Thorburn (2001) undertook anonymous testing of healthcare workers in Glasgow between 1994 and 1997. Of the 10,654 healthcare workers who gave blood at their occupational health departments during that period, 30 tested positive. This equates to 0.28%, which is identical to Ramsay’s findings.

Figures presented by Sulkowski et al (2002) showed a dramatically increased prevalence in that transmission rates from hepatitis C virus-infected patients to healthcare workers can be as much as 10%. It should be noted however that Sulkowski et al (2002) tested patients with known infection rather than the general patient population and therefore it must be concluded that these figures would be higher.

The accepted average of the risk of transmission from a hepatitis C antibody positive source to a healthcare worker is probably between 1.2% and 3% (Department of Health, 2004b). There have not been any reported cases of transmission via intact skin (Sulkowski et al, 2002) - transmission is more likely to occur following exposure to blood via hollow-bore instruments (Bagg, 2003).

Standard infection control precautions will minimise the risk of transmission of all blood-borne viruses including hepatitis C (Gungabissoon, 2003). The Department of Health (1998b) provided guidance on protecting healthcare workers against occupational exposure to blood-borne viruses and this guidance recommended that employers draw up their own local policies on the management of blood exposure incidents for both staff and patients.

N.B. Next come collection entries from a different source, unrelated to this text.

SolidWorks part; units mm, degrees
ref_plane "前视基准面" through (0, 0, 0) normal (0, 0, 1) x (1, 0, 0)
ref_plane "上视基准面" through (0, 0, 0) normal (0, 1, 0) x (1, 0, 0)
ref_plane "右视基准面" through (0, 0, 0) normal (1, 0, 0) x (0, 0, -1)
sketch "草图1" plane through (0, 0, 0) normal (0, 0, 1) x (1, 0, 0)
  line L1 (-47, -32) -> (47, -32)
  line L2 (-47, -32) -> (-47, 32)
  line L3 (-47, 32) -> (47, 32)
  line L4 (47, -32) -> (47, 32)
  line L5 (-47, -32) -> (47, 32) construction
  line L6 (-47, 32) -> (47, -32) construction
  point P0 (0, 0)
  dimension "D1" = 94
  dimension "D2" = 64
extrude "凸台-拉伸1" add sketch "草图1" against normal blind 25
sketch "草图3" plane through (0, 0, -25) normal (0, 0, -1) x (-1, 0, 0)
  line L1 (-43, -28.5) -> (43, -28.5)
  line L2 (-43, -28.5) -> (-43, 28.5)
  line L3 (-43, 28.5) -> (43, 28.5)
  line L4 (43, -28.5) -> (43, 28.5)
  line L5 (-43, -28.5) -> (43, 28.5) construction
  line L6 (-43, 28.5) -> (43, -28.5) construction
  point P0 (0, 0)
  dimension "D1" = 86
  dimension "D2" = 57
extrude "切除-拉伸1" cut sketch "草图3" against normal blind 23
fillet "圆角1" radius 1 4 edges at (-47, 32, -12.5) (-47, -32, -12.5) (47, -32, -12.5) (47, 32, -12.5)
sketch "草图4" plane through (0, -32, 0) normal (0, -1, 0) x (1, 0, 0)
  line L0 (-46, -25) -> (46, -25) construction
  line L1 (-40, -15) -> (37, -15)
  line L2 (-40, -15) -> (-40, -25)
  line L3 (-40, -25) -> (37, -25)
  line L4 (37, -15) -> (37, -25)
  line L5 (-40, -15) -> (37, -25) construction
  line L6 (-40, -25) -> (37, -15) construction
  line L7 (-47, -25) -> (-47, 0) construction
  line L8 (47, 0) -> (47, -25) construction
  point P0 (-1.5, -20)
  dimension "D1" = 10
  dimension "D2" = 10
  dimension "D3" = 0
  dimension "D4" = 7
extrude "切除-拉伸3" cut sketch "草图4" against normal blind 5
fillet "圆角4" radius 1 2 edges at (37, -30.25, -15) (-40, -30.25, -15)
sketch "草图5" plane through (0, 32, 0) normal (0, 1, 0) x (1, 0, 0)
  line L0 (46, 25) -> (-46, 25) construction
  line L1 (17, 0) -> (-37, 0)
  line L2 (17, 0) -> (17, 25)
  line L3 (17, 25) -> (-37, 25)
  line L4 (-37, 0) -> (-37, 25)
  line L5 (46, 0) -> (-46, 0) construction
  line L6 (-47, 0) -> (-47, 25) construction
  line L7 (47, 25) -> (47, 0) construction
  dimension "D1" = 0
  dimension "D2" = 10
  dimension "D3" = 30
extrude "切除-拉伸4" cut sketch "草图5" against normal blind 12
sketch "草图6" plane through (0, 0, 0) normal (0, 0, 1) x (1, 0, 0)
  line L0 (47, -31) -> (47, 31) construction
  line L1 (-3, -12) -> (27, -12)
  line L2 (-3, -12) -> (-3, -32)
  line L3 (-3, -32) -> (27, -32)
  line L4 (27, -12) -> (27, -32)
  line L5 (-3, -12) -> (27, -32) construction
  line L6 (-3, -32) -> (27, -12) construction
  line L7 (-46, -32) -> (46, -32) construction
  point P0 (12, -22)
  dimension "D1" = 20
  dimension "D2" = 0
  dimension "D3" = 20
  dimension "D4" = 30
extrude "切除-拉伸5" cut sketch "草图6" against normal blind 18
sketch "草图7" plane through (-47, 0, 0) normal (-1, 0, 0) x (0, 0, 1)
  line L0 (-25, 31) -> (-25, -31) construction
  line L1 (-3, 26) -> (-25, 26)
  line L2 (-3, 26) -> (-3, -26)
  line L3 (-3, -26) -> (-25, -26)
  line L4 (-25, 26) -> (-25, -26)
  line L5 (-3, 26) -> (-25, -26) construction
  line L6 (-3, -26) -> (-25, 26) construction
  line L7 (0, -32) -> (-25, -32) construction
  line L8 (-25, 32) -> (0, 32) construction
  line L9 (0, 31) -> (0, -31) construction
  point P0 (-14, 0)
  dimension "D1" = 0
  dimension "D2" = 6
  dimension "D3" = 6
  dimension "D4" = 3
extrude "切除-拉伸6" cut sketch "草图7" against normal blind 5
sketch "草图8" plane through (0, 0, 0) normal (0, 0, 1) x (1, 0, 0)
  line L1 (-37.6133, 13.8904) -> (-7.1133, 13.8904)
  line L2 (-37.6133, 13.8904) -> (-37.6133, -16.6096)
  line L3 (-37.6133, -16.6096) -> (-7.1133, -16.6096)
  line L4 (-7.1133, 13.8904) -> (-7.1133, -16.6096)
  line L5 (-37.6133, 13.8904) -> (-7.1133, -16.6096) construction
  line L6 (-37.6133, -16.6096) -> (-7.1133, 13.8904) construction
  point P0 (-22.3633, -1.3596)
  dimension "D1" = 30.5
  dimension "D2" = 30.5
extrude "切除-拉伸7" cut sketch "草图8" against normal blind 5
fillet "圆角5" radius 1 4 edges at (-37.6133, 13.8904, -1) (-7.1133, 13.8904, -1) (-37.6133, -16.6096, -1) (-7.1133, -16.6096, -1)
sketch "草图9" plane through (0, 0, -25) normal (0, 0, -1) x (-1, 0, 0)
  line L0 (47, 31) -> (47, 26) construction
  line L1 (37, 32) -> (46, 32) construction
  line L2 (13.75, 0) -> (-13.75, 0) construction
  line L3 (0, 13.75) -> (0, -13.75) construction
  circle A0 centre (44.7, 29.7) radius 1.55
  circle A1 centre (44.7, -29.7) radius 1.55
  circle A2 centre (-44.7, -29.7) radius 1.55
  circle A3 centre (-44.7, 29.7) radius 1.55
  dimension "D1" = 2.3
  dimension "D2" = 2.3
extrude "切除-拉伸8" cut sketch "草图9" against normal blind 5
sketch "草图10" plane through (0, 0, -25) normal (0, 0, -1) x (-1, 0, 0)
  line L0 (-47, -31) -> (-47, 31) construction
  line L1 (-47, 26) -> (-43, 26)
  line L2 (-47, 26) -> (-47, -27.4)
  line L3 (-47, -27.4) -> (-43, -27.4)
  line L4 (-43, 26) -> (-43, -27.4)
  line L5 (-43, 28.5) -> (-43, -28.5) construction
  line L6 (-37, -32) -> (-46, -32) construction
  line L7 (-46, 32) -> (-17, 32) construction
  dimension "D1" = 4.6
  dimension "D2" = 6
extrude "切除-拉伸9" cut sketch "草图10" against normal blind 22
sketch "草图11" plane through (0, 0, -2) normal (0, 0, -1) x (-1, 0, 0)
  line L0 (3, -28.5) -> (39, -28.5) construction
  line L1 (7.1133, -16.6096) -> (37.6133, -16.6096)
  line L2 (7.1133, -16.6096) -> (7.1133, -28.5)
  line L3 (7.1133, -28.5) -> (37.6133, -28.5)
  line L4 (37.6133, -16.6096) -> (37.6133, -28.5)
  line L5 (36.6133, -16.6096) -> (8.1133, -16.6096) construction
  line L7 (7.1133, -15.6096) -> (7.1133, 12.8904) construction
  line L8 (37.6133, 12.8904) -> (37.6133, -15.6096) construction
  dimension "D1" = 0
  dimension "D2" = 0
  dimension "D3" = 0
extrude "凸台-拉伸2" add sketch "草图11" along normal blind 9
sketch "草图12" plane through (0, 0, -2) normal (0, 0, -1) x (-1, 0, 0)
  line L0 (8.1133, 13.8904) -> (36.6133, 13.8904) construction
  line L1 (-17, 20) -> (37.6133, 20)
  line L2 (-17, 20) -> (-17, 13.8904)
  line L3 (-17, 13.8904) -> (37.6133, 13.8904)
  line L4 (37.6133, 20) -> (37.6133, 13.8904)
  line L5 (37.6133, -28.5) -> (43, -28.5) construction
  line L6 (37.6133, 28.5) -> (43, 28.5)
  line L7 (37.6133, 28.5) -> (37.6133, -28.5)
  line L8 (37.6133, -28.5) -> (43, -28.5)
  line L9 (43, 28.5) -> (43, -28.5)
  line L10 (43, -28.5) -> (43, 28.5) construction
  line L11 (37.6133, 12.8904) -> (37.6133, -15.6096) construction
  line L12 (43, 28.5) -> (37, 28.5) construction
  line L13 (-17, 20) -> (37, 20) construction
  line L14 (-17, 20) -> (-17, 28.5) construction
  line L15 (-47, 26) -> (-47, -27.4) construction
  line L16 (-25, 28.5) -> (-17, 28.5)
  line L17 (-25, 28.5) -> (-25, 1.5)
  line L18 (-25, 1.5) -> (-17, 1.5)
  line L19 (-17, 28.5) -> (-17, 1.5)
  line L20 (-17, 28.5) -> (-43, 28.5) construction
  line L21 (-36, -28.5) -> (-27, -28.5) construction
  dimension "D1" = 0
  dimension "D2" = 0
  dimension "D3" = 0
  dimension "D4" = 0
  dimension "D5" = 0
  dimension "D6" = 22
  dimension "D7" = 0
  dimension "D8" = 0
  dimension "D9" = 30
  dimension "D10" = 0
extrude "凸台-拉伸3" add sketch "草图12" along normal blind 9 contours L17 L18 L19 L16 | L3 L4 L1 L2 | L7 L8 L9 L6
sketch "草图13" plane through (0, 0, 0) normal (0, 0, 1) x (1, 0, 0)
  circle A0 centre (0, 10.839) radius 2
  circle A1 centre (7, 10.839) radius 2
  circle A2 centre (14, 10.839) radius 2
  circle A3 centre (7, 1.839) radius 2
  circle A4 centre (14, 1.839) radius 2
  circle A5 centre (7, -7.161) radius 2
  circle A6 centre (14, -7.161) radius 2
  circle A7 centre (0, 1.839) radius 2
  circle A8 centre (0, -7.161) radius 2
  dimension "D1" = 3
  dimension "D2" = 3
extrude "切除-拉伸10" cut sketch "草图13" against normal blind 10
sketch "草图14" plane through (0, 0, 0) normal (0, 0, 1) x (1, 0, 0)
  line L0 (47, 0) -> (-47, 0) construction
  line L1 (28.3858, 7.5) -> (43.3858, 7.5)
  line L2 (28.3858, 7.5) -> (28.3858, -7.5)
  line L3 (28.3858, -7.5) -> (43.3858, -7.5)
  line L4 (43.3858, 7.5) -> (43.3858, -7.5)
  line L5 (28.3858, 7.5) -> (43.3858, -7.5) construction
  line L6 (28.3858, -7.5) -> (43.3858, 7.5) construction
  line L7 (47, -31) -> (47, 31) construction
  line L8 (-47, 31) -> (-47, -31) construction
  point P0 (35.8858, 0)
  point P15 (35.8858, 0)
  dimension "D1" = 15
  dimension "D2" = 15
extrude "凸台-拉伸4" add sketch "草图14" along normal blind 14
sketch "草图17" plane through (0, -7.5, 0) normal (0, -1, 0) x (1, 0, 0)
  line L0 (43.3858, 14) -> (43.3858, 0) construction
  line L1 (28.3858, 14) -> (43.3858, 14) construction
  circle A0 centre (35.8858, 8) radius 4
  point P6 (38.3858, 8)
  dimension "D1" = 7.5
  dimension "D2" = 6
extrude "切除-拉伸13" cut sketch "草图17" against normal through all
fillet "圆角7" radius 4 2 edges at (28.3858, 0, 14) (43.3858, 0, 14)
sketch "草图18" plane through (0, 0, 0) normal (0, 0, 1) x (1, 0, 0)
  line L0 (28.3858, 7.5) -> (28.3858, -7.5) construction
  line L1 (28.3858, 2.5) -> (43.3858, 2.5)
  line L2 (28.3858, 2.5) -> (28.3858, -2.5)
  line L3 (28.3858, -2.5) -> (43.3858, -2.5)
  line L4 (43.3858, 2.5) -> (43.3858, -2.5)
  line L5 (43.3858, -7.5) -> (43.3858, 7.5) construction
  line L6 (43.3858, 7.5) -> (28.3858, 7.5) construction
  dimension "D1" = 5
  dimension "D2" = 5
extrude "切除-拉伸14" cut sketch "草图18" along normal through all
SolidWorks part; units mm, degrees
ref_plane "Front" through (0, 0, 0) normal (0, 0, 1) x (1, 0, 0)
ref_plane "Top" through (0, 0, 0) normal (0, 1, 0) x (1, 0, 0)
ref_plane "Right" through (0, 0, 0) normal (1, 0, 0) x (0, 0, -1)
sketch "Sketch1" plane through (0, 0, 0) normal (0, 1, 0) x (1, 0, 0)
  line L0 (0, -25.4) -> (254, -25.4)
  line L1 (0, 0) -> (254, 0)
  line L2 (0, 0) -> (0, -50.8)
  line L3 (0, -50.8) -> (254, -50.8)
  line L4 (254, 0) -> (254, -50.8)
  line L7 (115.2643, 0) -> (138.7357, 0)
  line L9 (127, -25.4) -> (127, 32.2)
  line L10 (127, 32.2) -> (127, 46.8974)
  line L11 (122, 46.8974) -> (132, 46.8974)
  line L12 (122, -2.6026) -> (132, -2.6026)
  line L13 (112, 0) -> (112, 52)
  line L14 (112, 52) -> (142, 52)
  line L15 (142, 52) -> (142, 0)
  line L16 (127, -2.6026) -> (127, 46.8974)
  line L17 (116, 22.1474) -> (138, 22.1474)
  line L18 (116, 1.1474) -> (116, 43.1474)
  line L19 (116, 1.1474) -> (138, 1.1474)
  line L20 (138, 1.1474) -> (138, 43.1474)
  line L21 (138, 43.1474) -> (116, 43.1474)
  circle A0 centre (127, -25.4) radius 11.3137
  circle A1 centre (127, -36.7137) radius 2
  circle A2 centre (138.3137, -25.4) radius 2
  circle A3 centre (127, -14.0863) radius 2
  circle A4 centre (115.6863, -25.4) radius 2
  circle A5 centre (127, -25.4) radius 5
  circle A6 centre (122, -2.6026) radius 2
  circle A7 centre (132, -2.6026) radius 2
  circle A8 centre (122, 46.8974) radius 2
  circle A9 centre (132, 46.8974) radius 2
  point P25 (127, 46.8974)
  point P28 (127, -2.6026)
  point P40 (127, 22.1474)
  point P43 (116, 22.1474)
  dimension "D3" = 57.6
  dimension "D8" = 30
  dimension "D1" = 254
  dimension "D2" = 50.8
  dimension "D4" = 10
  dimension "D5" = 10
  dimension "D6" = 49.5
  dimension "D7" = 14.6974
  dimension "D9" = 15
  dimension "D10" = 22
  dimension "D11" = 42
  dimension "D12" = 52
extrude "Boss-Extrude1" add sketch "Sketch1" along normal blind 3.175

Exposure to blood and body fluids remains an important concern for healthcare workers, especially those who sustain a percutaneous injury. The risk of acquiring hepatitis C infection following a needlestick injury is estimated at approximately 3% while hepatitis B is 30% and HIV is 0.3% (Tarantola et al, 2003).

It is therefore extremely important that the local reporting mechanisms and follow-up protocols are adhered to (McCreaddie, 2001a). The increasing availability of safety devices and compliance with standard precautions can also help to reduce the risks (Bagg, 2003).

Standard infection control measures should apply to all situations, with all body substances treated as potentially infectious. This means that healthcare workers must consistently adhere to current evidence-based guidelines in order to prevent healthcare-associated infections and transmission from patient to patient and patient to staff (Gungabissoon, 2003; Pratt, 2003).